Né dans une famille de l’aristocratie, Moulay Ismaïl Alaoui est aujourd’hui le symbole vivant de l’évolution du communisme au Maroc. L’homme n’est pas à un paradoxe près. Pour Zamane, il dresse le parcours d’une vie d’une étonnante cohérence. Entre têtes couronnées et masses prolétaires, confessions du «gentleman rouge».
Quel a été l’environnement qui a baigné votre enfance ?

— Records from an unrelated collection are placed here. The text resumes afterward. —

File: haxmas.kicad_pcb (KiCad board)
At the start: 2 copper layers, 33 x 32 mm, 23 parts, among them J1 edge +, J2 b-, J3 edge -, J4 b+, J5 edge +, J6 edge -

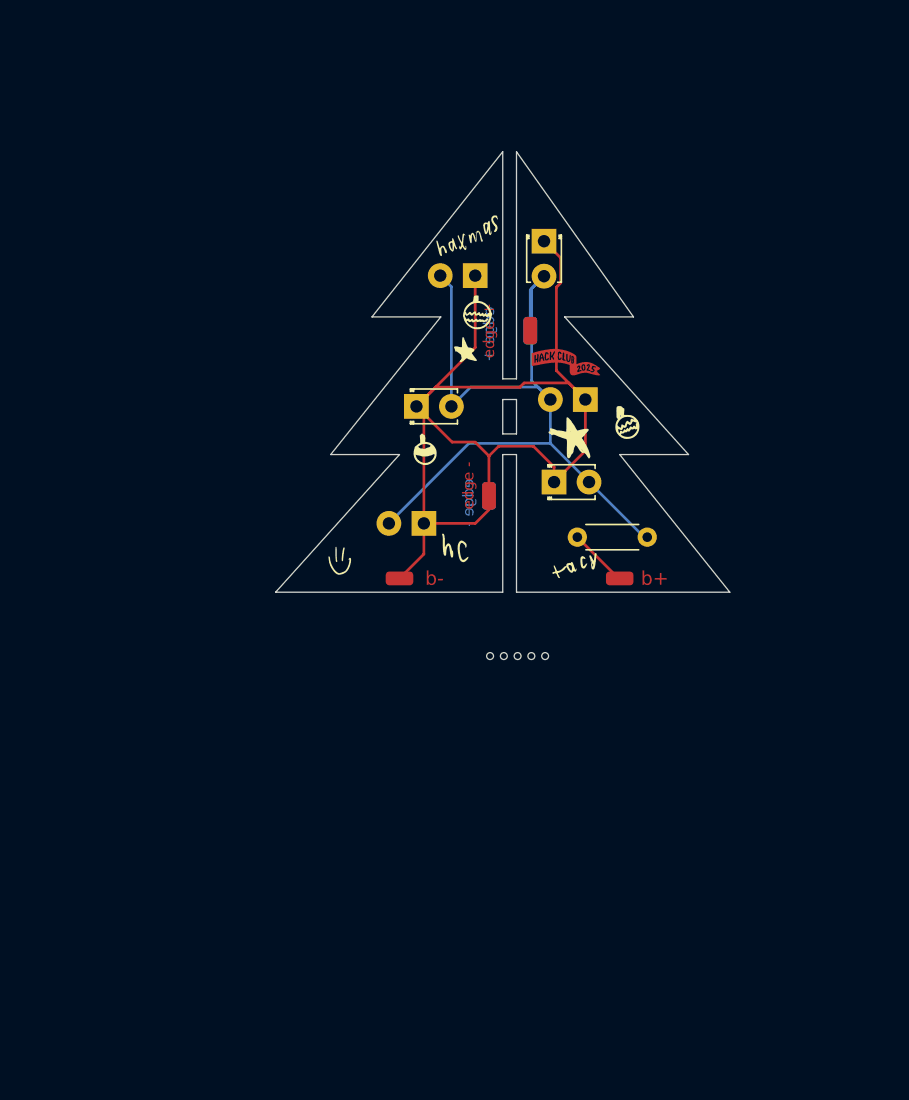
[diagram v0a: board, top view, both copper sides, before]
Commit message: feat: add large version
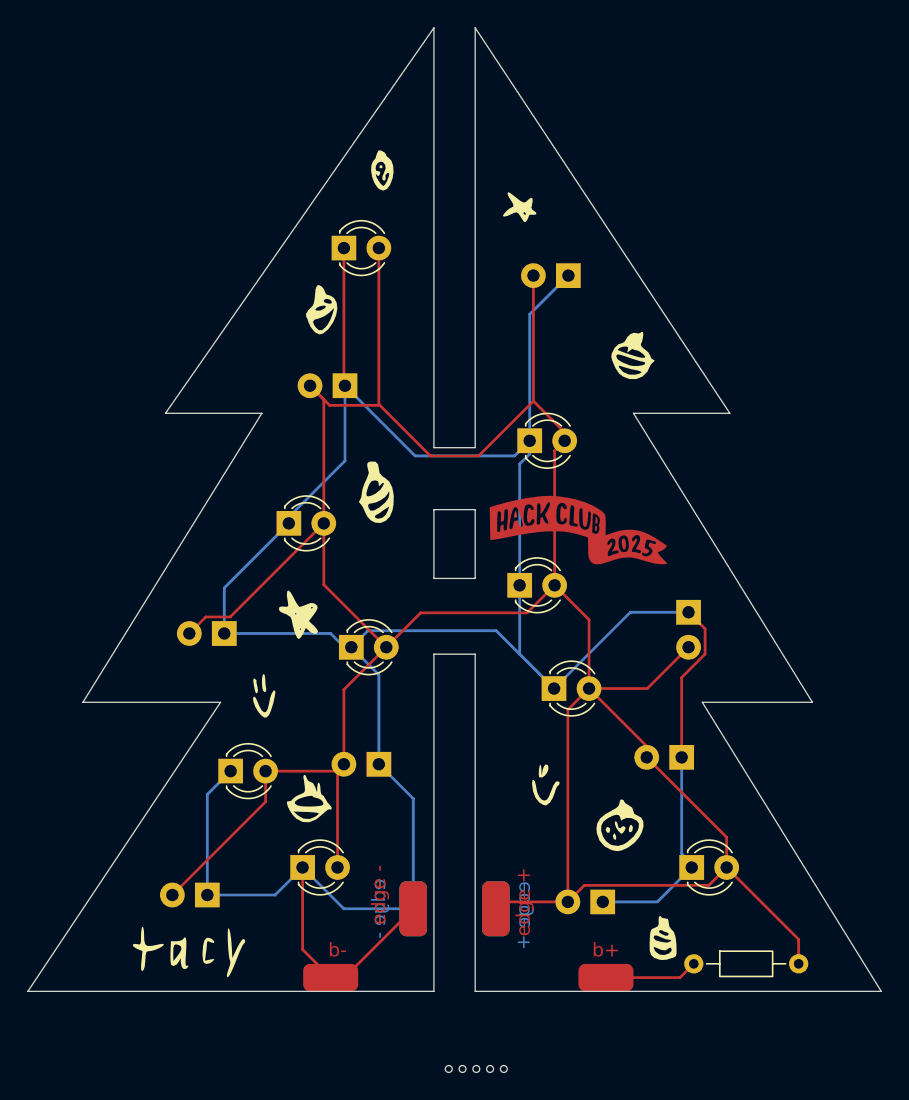
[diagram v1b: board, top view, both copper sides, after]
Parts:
- removed the G*** at (107.1, 54.3) (x2)
- removed the G*** at (102.5, 55.0)
- removed the G*** at (104.2, 55.5)
- removed the G*** at (98.5, 69.0)
- added D10: LED, LED_THT:LED_D3.0mm, F.Cu at (106.2, 78.0)
- added D11: LED, LED_THT:LED_D3.0mm, B.Cu at (107.3, 48.0)
- added D12: LED, LED_THT:LED_D3.0mm, F.Cu at (91.0, 46.0)
- added D13: LED, LED_THT:LED_D3.0mm, F.Cu at (82.7, 84.0)
- added D14: LED, LED_THT:LED_D3.0mm, B.Cu at (93.5, 83.5)
- added D15: LED, LED_THT:LED_D3.0mm, F.Cu at (87.0, 66.0)
- added D16: LED, LED_THT:LED_D3.0mm, F.Cu at (91.5, 75.0)
- added D17: LED, LED_THT:LED_D3.0mm, B.Cu at (82.3, 74.0)
- added D7: LED, LED_THT:LED_D3.0mm, F.Cu at (104.5, 60.0)
- added D8: LED, LED_THT:LED_D3.0mm, F.Cu at (103.7, 70.5)
- added D9: LED, LED_THT:LED_D3.0mm, B.Cu at (115.5, 83.0)
- added G*** (x2): LOGO, LOGO, F.Cu at (108.0, 66.5)
- added G***: LOGO, LOGO, F.Cu at (98.0, 46.5)
- added G***: LOGO, LOGO, B.Cu at (99.5, 67.5)
- D1, D6: footprint LED_THT:LED_D1.8mm_W3.3mm_H2.4mm -> LED_THT:LED_D3.0mm; moved to B.Cu
- D2, D3, D5: footprint LED_THT:LED_D1.8mm_W3.3mm_H2.4mm -> LED_THT:LED_D3.0mm
- D4: footprint LED_THT:LED_D1.8mm_W3.3mm_H2.4mm -> LED_THT:LED_D3.0mm; moved to F.Cu
- J1, J2, J3, J4, J5, J6: footprint Connector_Wire:SolderWirePad_1x01_SMD_1x2mm -> Connector_Wire:SolderWirePad_1x01_SMD_2x4mm
- R1: footprint Resistor_THT:R_Axial_DIN0204_L3.6mm_D1.6mm_P5.08mm_Horizontal -> Resistor_THT:R_Axial_DIN0204_L3.6mm_D1.6mm_P7.62mm_Horizontal
- moved J1 42.1 mm to (102.0, 94.0)
- moved J5 42.1 mm to (102.0, 94.0)
- moved D4 34.9 mm to (116.2, 91.0), turned to 0 degrees
- moved D3 34.5 mm to (88.0, 91.0)
- moved R1 32.1 mm to (116.4, 98.0)
- moved D2 31.2 mm to (81.0, 93.0)
- moved D1 30.7 mm to (109.8, 93.5), turned to 180 degrees
- moved J3 30.5 mm to (96.0, 94.0)
- moved J6 30.5 mm to (96.0, 94.0)
- moved KiKit_MB_4_1 30.1 mm to (98.6, 105.6)
- moved KiKit_MB_4_2 30.1 mm to (99.6, 105.6)
- moved KiKit_MB_4_3 30.1 mm to (100.6, 105.6)
- moved KiKit_MB_4_4 30.1 mm to (101.6, 105.6)
- moved KiKit_MB_4_5 30.1 mm to (102.6, 105.6)
- moved J2 29.4 mm to (90.0, 99.0)
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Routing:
- net +3.3V: track 59.4 -> 216.3 mm
- net GND: track 80.7 -> 210.9 mm
- net Net-(J4-Pin_1): track 4.32 -> 6.79 mm
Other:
- board size 33 x 32 mm -> 62 x 70 mm

Je suis né en 1940 dans une famille aisée et honorable, installée depuis trois siècles à Salé. Ma mère, d’origine algérienne, avait le statut de sujette française ne jouissant pas de la citoyenneté marocaine. C’est grâce à cela que j’ai pu être inscrit à l’école laïque où j’ai passé mes classes de primaire à apprendre la langue française. Conscient de l’importance de ne pas ignorer l’arabe, mon père a eu la bonne idée d’engager un précepteur chargé d’en enseigner les rudiments à mes frères, dont je suis l’aîné, et à moi même. Un second devait quant à lui nous apprendre les préceptes religieux. Mon père tenait absolument à ce que nous ayons cette double éducation. À ma naissance, il était ce qu’on appelle un « mouhtassib », l’équivalent d’un censeur romain dans la période antique. Son rôle était de veiller aux bonnes mœurs au sein de la société, mais il était aussi en charge du bon fonctionnement économique de la ville. Il s’assurait, par exemple, que Salé ne manquait d’approvisionnements en produits de première nécessité. Enfin, il était le trait d’union entre les différentes corporations qui exerçaient dans la cité. Quant à ma mère, elle fait partie de la famille El Khatib, sœur du célèbre médecin, Dr El Kahtib, qui deviendra un des responsables de l’Armée de Libération, fondateur du Mouvement Populaire, puis du PJD. Mon oncle a choisi ce parcours politique pour des raisons qui lui sont propres, surtout lorsque l’on sait que sa famille était alliée à celle de l’Émir Abdelkader.
Comment vos deux branches familiales cohabitaient-elles ?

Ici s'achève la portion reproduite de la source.